The U.S. plan worked like a charm and by the time the last of the Russian troops retreated out of Afghanistan in 1989, they had left behind 50,000 dead comrades, the Moscow treasury was bankrupt and the Soviet Union was in a state of dissolution. The U.S.-equipped Afghan warlords finally triumphed over the Communist regime in Kabul and then turned on each other in an orgy of destruction and bloodletting. Whatever Soviet-built infrastructure was still intact in Kabul in 1996 was destroyed when the Taliban movement forced the mujahedeen warlords north of the Hindu Kush. 
In the wake of 9-11, the planners in the White House must have suffered from short-term memory loss as they rushed to throw their troops into the very same trap they had built to destroy the Soviets. After using military force to topple the Taliban, the Americans appointed Hamid Karzai as president. His first act as leader was to invite the U.S.-led coalition to deploy a security assistance force to prop up his regime. Unlike the Soviets, the Americans didn't need to deploy in support of this request - they were already on the ground.
Now into the seventh year of their occupation and with the American economy on the point of collapse, NATO is looking to Russia for help in transporting troops and equipment into Afghanistan. With the skyrocketing oil prices boosting the Russian ruble to dizzy new heights and no one asking for their troops to fight and die in Afghanistan, it would seem that the wheel of fate has turned a full circle.
If you want to drive this point home, go out and rent an old copy of Rambo III. That's the sequel wherein Sylvester Stallone fights alongside the guerrillas, and the final credits dedicate the movie to "the brave mujahedeen in Afghanistan."

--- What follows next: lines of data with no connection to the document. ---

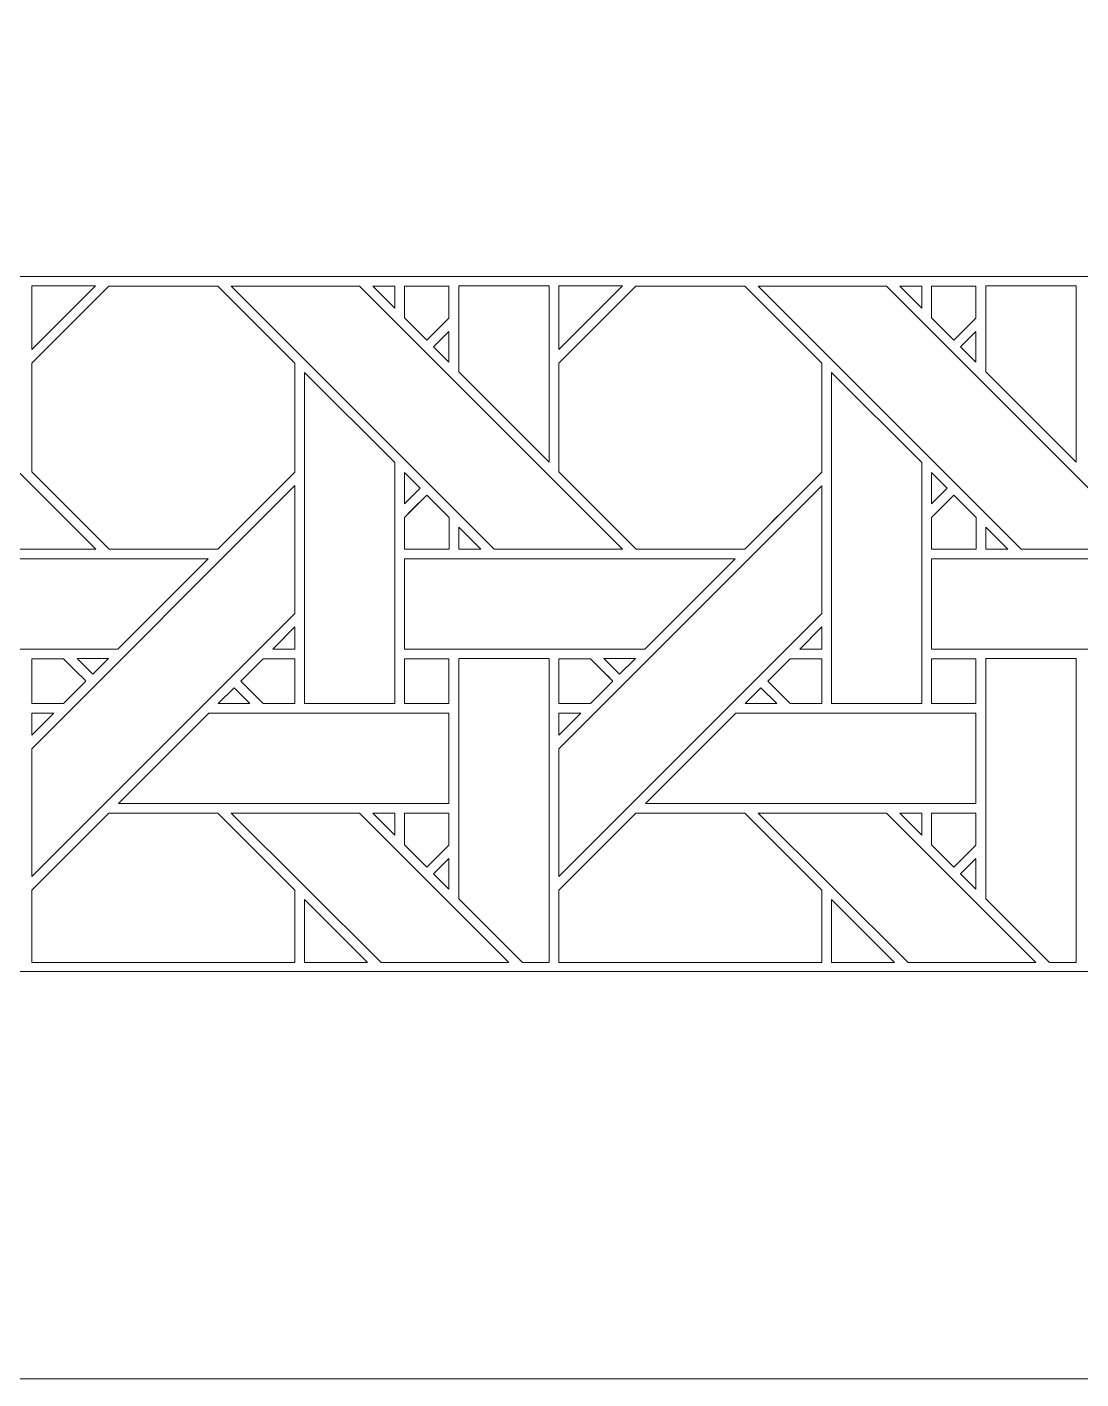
# Model space of a CAD drawing. Header units: inches. Extents: x 6.4 to 18.4, y 3.1 to 15.1.
# Drawn here: x 12.612 to 14.509, y 3.095 to 5.529 of the extents above; entities that cross this region are included whole.
import ezdxf

# ---------------------------------------------------------------- set-up
doc = ezdxf.new("R2010")
doc.units = ezdxf.units.IN
doc.header["$MEASUREMENT"] = 0
doc.layers.add('Design', color=7, linetype='Continuous', lineweight=0)

msp = doc.modelspace()

# ---------------------------------------------------------------- linework, layer by layer
at = {"layer": 'Design'}
for points, knots in [([(18.3821, 15.0948), (18.3821, 15.0948), (6.3829, 15.0948), (6.3829, 15.0948), (6.3829, 15.0948), (6.3829, 3.0948), (6.3829, 3.0948), (6.3829, 3.0948), (18.3829, 3.0948), (18.3829, 3.0948), (18.3829, 3.0948), (18.3829, 15.0948), (18.3829, 15.0948), (18.3829, 15.0948), (18.3821, 15.0948), (18.3821, 15.0948)], [0, 0, 0, 0, 1, 1, 1, 2, 2, 2, 3, 3, 3, 4, 4, 4, 5, 5, 5, 5]), ([(17.6485, 14.3611), (17.6485, 14.3611), (7.1165, 14.3611), (7.1165, 14.3611), (7.1165, 14.3611), (7.1165, 3.8284), (7.1165, 3.8284), (7.1165, 3.8284), (17.6492, 3.8284), (17.6492, 3.8284), (17.6492, 3.8284), (17.6492, 14.3611), (17.6492, 14.3611), (17.6492, 14.3611), (17.6485, 14.3611), (17.6485, 14.3611)], [0, 0, 0, 0, 1, 1, 1, 2, 2, 2, 3, 3, 3, 4, 4, 4, 5, 5, 5, 5]), ([(8.3676, 5.0795), (8.3676, 5.0795), (8.3676, 13.1101), (8.3676, 13.1101), (8.3676, 13.1101), (16.3981, 13.1101), (16.3981, 13.1101), (16.3981, 13.1101), (16.3981, 5.0795), (16.3981, 5.0795), (16.3981, 5.0795), (8.3676, 5.0795), (8.3676, 5.0795)], [0, 0, 0, 0, 1, 1, 1, 2, 2, 2, 3, 3, 3, 4, 4, 4, 4]), ([(12.6204, 5.0628), (12.6204, 5.0628), (12.7351, 5.0628), (12.7351, 5.0628), (12.7351, 5.0628), (12.6204, 4.9481), (12.6204, 4.9481), (12.6204, 4.9481), (12.6204, 5.0628), (12.6204, 5.0628)], [0, 0, 0, 0, 1, 1, 1, 2, 2, 2, 3, 3, 3, 3]), ([(13.3891, 5.0628), (13.3891, 5.0628), (13.552, 5.0628), (13.552, 5.0628), (13.552, 5.0628), (13.552, 4.7452), (13.552, 4.7452), (13.552, 4.7452), (13.3891, 4.9081), (13.3891, 4.9081), (13.3891, 4.9081), (13.3891, 5.0628), (13.3891, 5.0628)], [0, 0, 0, 0, 1, 1, 1, 2, 2, 2, 3, 3, 3, 4, 4, 4, 4]), ([(13.5691, 5.0628), (13.5691, 5.0628), (13.6839, 5.0628), (13.6839, 5.0628), (13.6839, 5.0628), (13.5691, 4.9481), (13.5691, 4.9481), (13.5691, 4.9481), (13.5691, 5.0628), (13.5691, 5.0628)], [0, 0, 0, 0, 1, 1, 1, 2, 2, 2, 3, 3, 3, 3]), ([(14.3378, 5.0628), (14.3378, 5.0628), (14.5007, 5.0628), (14.5007, 5.0628), (14.5007, 5.0628), (14.5007, 4.7452), (14.5007, 4.7452), (14.5007, 4.7452), (14.3378, 4.9081), (14.3378, 4.9081), (14.3378, 4.9081), (14.3378, 5.0628), (14.3378, 5.0628)], [0, 0, 0, 0, 1, 1, 1, 2, 2, 2, 3, 3, 3, 4, 4, 4, 4]), ([(12.3052, 4.7887), (12.3052, 4.7887), (12.0308, 5.0624), (12.0308, 5.0624), (12.0308, 5.0624), (12.2618, 5.0624), (12.2618, 5.0624), (12.2618, 5.0624), (12.7354, 4.5888), (12.7354, 4.5888), (12.7354, 4.5888), (12.5044, 4.5888), (12.5044, 4.5888), (12.5044, 4.5888), (12.3052, 4.7887), (12.3052, 4.7887)], [0, 0, 0, 0, 1, 1, 1, 2, 2, 2, 3, 3, 3, 4, 4, 4, 5, 5, 5, 5]), ([(12.6204, 4.728), (12.6204, 4.728), (12.6204, 4.9237), (12.6204, 4.9237), (12.6204, 4.9237), (12.7591, 5.0624), (12.7591, 5.0624), (12.7591, 5.0624), (12.9553, 5.0624), (12.9553, 5.0624), (12.9553, 5.0624), (13.0941, 4.9237), (13.0941, 4.9237), (13.0941, 4.9237), (13.0941, 4.7274), (13.0941, 4.7274), (13.0763, 4.7095), (12.9643, 4.5978), (12.9553, 4.5888), (12.9553, 4.5888), (12.7596, 4.5888), (12.7596, 4.5888), (12.7596, 4.5888), (12.6204, 4.728), (12.6204, 4.728)], [0, 0, 0, 0, 1, 1, 1, 2, 2, 2, 3, 3, 3, 4, 4, 4, 5, 5, 5, 6, 6, 6, 7, 7, 7, 8, 8, 8, 8]), ([(12.6204, 4.728), (12.6204, 4.728), (12.6204, 4.9237), (12.6204, 4.9237), (12.6204, 4.9237), (12.7591, 5.0624), (12.7591, 5.0624), (12.7591, 5.0624), (12.9553, 5.0624), (12.9553, 5.0624), (12.9553, 5.0624), (13.0941, 4.9237), (13.0941, 4.9237), (13.0941, 4.9237), (13.0941, 4.7274), (13.0941, 4.7274), (13.0757, 4.7089), (12.9639, 4.5973), (12.9553, 4.5888), (12.9553, 4.5888), (12.7596, 4.5888), (12.7596, 4.5888), (12.7596, 4.5888), (12.6204, 4.728), (12.6204, 4.728)], [0, 0, 0, 0, 1, 1, 1, 2, 2, 2, 3, 3, 3, 4, 4, 4, 5, 5, 5, 6, 6, 6, 7, 7, 7, 8, 8, 8, 8]), ([(12.9795, 5.0624), (12.9795, 5.0624), (13.2105, 5.0624), (13.2105, 5.0624), (13.2105, 5.0624), (13.6841, 4.5888), (13.6841, 4.5888), (13.6841, 4.5888), (13.4531, 4.5888), (13.4531, 4.5888), (13.4531, 4.5888), (12.9795, 5.0624), (12.9795, 5.0624)], [0, 0, 0, 0, 1, 1, 1, 2, 2, 2, 3, 3, 3, 4, 4, 4, 4]), ([(13.2741, 5.0624), (13.2741, 5.0624), (13.2741, 5.0226), (13.2741, 5.0226), (13.2741, 5.0226), (13.2346, 5.0624), (13.2346, 5.0624), (13.2346, 5.0624), (13.2741, 5.0624), (13.2741, 5.0624)], [0, 0, 0, 0, 1, 1, 1, 2, 2, 2, 3, 3, 3, 3]), ([(13.3715, 5.0624), (13.3715, 5.0624), (13.3715, 5.0048), (13.3715, 5.0048), (13.3715, 5.0048), (13.3316, 4.9648), (13.3316, 4.9648), (13.3316, 4.9648), (13.2913, 5.0052), (13.2913, 5.0052), (13.2913, 5.0052), (13.2913, 5.0624), (13.2913, 5.0624), (13.2913, 5.0624), (13.3715, 5.0624), (13.3715, 5.0624)], [0, 0, 0, 0, 1, 1, 1, 2, 2, 2, 3, 3, 3, 4, 4, 4, 5, 5, 5, 5]), ([(13.3316, 4.9648), (13.3316, 4.9648), (13.2913, 5.0052), (13.2913, 5.0052), (13.2913, 5.0052), (13.2913, 5.0624), (13.2913, 5.0624), (13.2913, 5.0624), (13.3715, 5.0624), (13.3715, 5.0624), (13.3715, 5.0624), (13.3715, 5.0048), (13.3715, 5.0048), (13.3715, 5.0048), (13.3316, 4.9648), (13.3316, 4.9648)], [0, 0, 0, 0, 1, 1, 1, 2, 2, 2, 3, 3, 3, 4, 4, 4, 5, 5, 5, 5]), ([(13.5691, 4.728), (13.5691, 4.728), (13.5691, 4.9237), (13.5691, 4.9237), (13.5691, 4.9237), (13.7078, 5.0624), (13.7078, 5.0624), (13.7078, 5.0624), (13.904, 5.0624), (13.904, 5.0624), (13.904, 5.0624), (14.0428, 4.9237), (14.0428, 4.9237), (14.0428, 4.9237), (14.0428, 4.7274), (14.0428, 4.7274), (14.025, 4.7095), (13.9131, 4.5978), (13.9041, 4.5888), (13.9041, 4.5888), (13.7084, 4.5888), (13.7084, 4.5888), (13.7084, 4.5888), (13.5691, 4.728), (13.5691, 4.728)], [0, 0, 0, 0, 1, 1, 1, 2, 2, 2, 3, 3, 3, 4, 4, 4, 5, 5, 5, 6, 6, 6, 7, 7, 7, 8, 8, 8, 8]), ([(13.7084, 4.5888), (13.7084, 4.5888), (13.5691, 4.728), (13.5691, 4.728), (13.5691, 4.728), (13.5691, 4.9237), (13.5691, 4.9237), (13.5691, 4.9237), (13.7078, 5.0624), (13.7078, 5.0624), (13.7078, 5.0624), (13.904, 5.0624), (13.904, 5.0624), (13.904, 5.0624), (14.0428, 4.9237), (14.0428, 4.9237), (14.0428, 4.9237), (14.0428, 4.7274), (14.0428, 4.7274), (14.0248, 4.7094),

http://www.espritdecorps.ca/Ontarget 080312.htm


----------



## irnbndr (Mar 15, 2008)

NATO is fucking that war up by the numbers!

After my last rotation there, the Afghan forces which were trained. led and advised by Americans were immediately desolved upon NATO TOA.  Each man, owning his own AK-47 was then forced to go find some other way to support his family.  Hmmm... wonder where they went?  These guys will fight and die with anyone who will pay them, seems to me it would be a good idea for NATO to keep them on our payroll!  NATO is full of a bunch of pussies with no common sense.


----------



## Ravage (Mar 15, 2008)

irnbndr said:


> After my last rotation there, the Afghan forces which were trained. led and advised by Americans were immediately desolved upon NATO TOA.



Why they do that ?


----------



## Hitman2/3 (Mar 15, 2008)

WTF :doh:


----------



## Pete031 (Mar 15, 2008)

If there is one country that all the Afghans hate collectively, it is Russia. Would be a terrible mistake to send them.


----------



## AWP (Mar 15, 2008)

Pete031 said:


> If there is one country that all the Afghans hate collectively, it is Russia. Would be a terrible mistake to send them.



Isn't that the truth. A very bad move to get the Russkies involved.


----------



## irnbndr (Mar 15, 2008)

Pete031 said:


> If there is one country that all the Afghans hate collectively, it is Russia. Would be a terrible mistake to send them.



I agree.  I was studying my language by watching Russian TV.  there was a young man there who was cleaning up around the house when there was a joke on the TV.  He laughed.  I immediately tried to speak with him, due to his lack of English.  I thought he might want to be able to communicate in Russian.  Not the case!  He hates Russians.  Would not speak with me but to tell me that he hated the language and the people.
Horrible situational awareness to even ask them to get involved.



Ravage said:


> Why they do that ?



Who knows why they decided to do that.  Alot of animosity towards SOF in that theatre... in any theatre for that matter.  NATO is a strange animal, we will lose that war if something is not done with those jokers.


----------



## RackMaster (Mar 15, 2008)

A true act of desperation.    It would make more sense to ask the Chinese.  :doh:


----------



## DA SWO (Mar 15, 2008)

irnbndr said:


> NATO is fucking that war up by the numbers!
> 
> After my last rotation there, the Afghan forces which were trained. led and advised by Americans were immediately desolved upon NATO TOA.  Each man, owning his own AK-47 was then forced to go find some other way to support his family.  Hmmm... wonder where they went?  These guys will fight and die with anyone who will pay them, seems to me it would be a good idea for NATO to keep them on our payroll!  NATO is full of a bunch of pussies with no common sense.



Great move, guess the NATO Commander was making a statement.

IIRC; NATO=No Action, Talk Only.

Was it a German Commander by any chance?


----------



## irnbndr (Mar 15, 2008)

No idea what nation the commander was from.  

I have nothing bad to say about the German forces.  Those guys have a great SOF contingency and did a nice job there.  Always trying to close with the enemy.  I even had respect for the French SOF, good dudes.


----------



## irnbndr (Mar 15, 2008)

well said J.


----------



## Ravage (Mar 16, 2008)

I understand. NATO want's to take away the snakes venom, where SOF wants to make the snakes kill all the other snakes.


----------